What to do — Search the records for the word "column" and copy each line in which it appears.

(The records Opens)

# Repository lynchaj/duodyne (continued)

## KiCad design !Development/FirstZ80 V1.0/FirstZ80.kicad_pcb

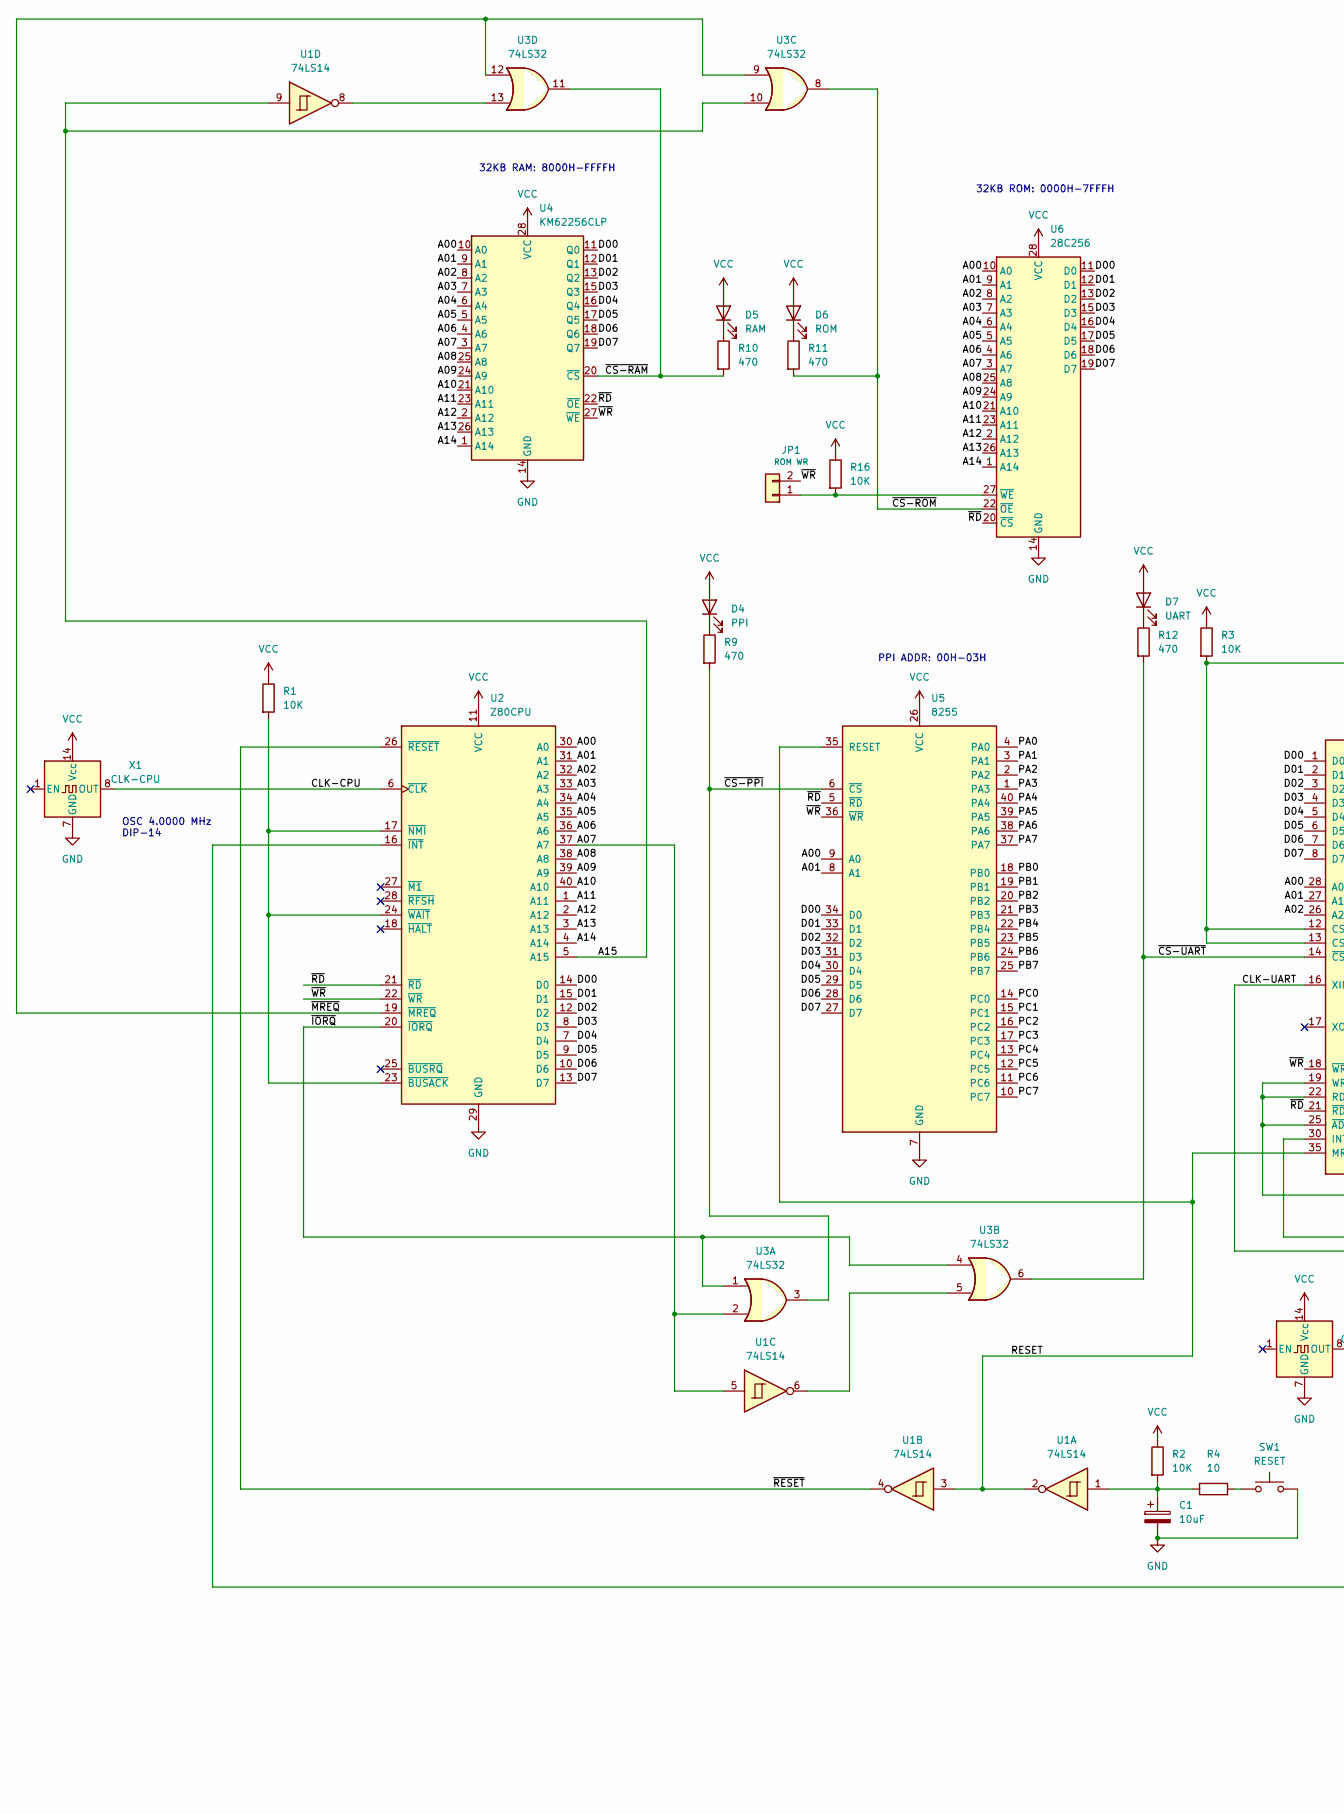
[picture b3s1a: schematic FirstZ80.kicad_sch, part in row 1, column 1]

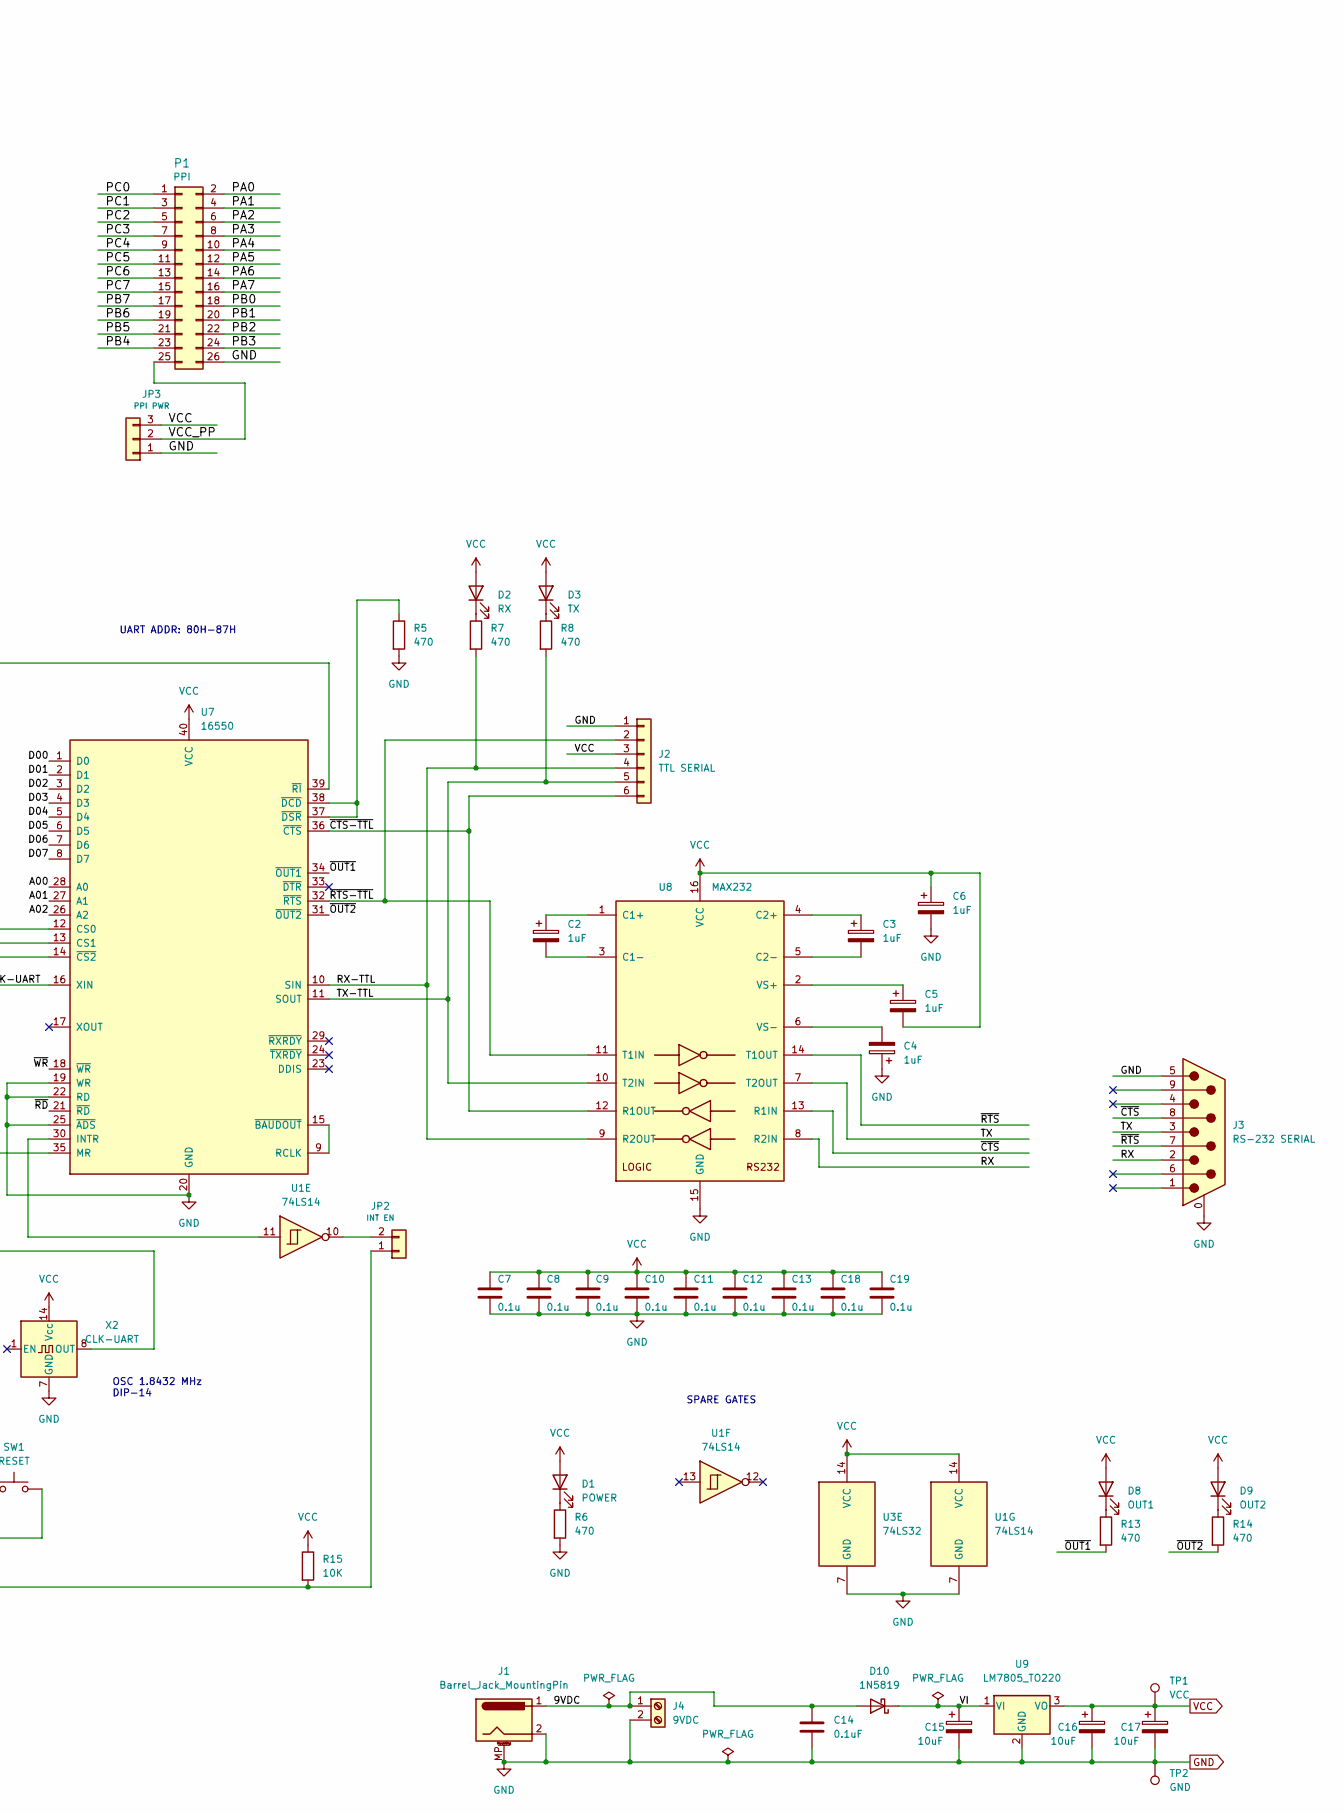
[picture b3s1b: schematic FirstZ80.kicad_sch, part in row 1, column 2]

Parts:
C1, C15, C16, C17: 10uF; CP_Radial_D5.0mm_P2.50mm
C2, C3, C4, C5, C6: 1uF; CP_Radial_D5.0mm_P2.50mm
C7, C8, C9, C10, C11, C12, C13, C18, C19: 0.1u; C_Disc_D5.0mm_W2.5mm_P5.00mm
C14: 0.1uF; C_Disc_D5.0mm_W2.5mm_P5.00mm
D1: POWER; LED_D3.0mm
D2: RX; LED_D3.0mm
D3: TX; LED_D3.0mm
D4: PPI; LED_D3.0mm
D5: RAM; LED_D3.0mm
D6: ROM; LED_D3.0mm
D7: UART; LED_D3.0mm
D8: OUT1; LED_D3.0mm
D9: OUT2; LED_D3.0mm
D10: 1N5819; D_DO-41_SOD81_P10.16mm_Horizontal
J1: Barrel_Jack_MountingPin; BarrelJack_Horizontal
J2: TTL SERIAL; PinHeader_1x06_P2.54mm_Horizontal
J3: RS-232 SERIAL; DSUB-9_Male_Horizontal_P2.77x2.84mm_EdgePinOffset4.94mm_Hou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
J4: 9VDC; TerminalBlock_Phoenix_MKDS-1,5-2-5.08_1x02_P5.08mm_Horizont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
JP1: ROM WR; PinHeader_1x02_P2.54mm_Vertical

(The records Closes)

Task result —
[picture b3s1a: schematic FirstZ80.kicad_sch, part in row 1, column 1]
[picture b3s1b: schematic FirstZ80.kicad_sch, part in row 1, column 2]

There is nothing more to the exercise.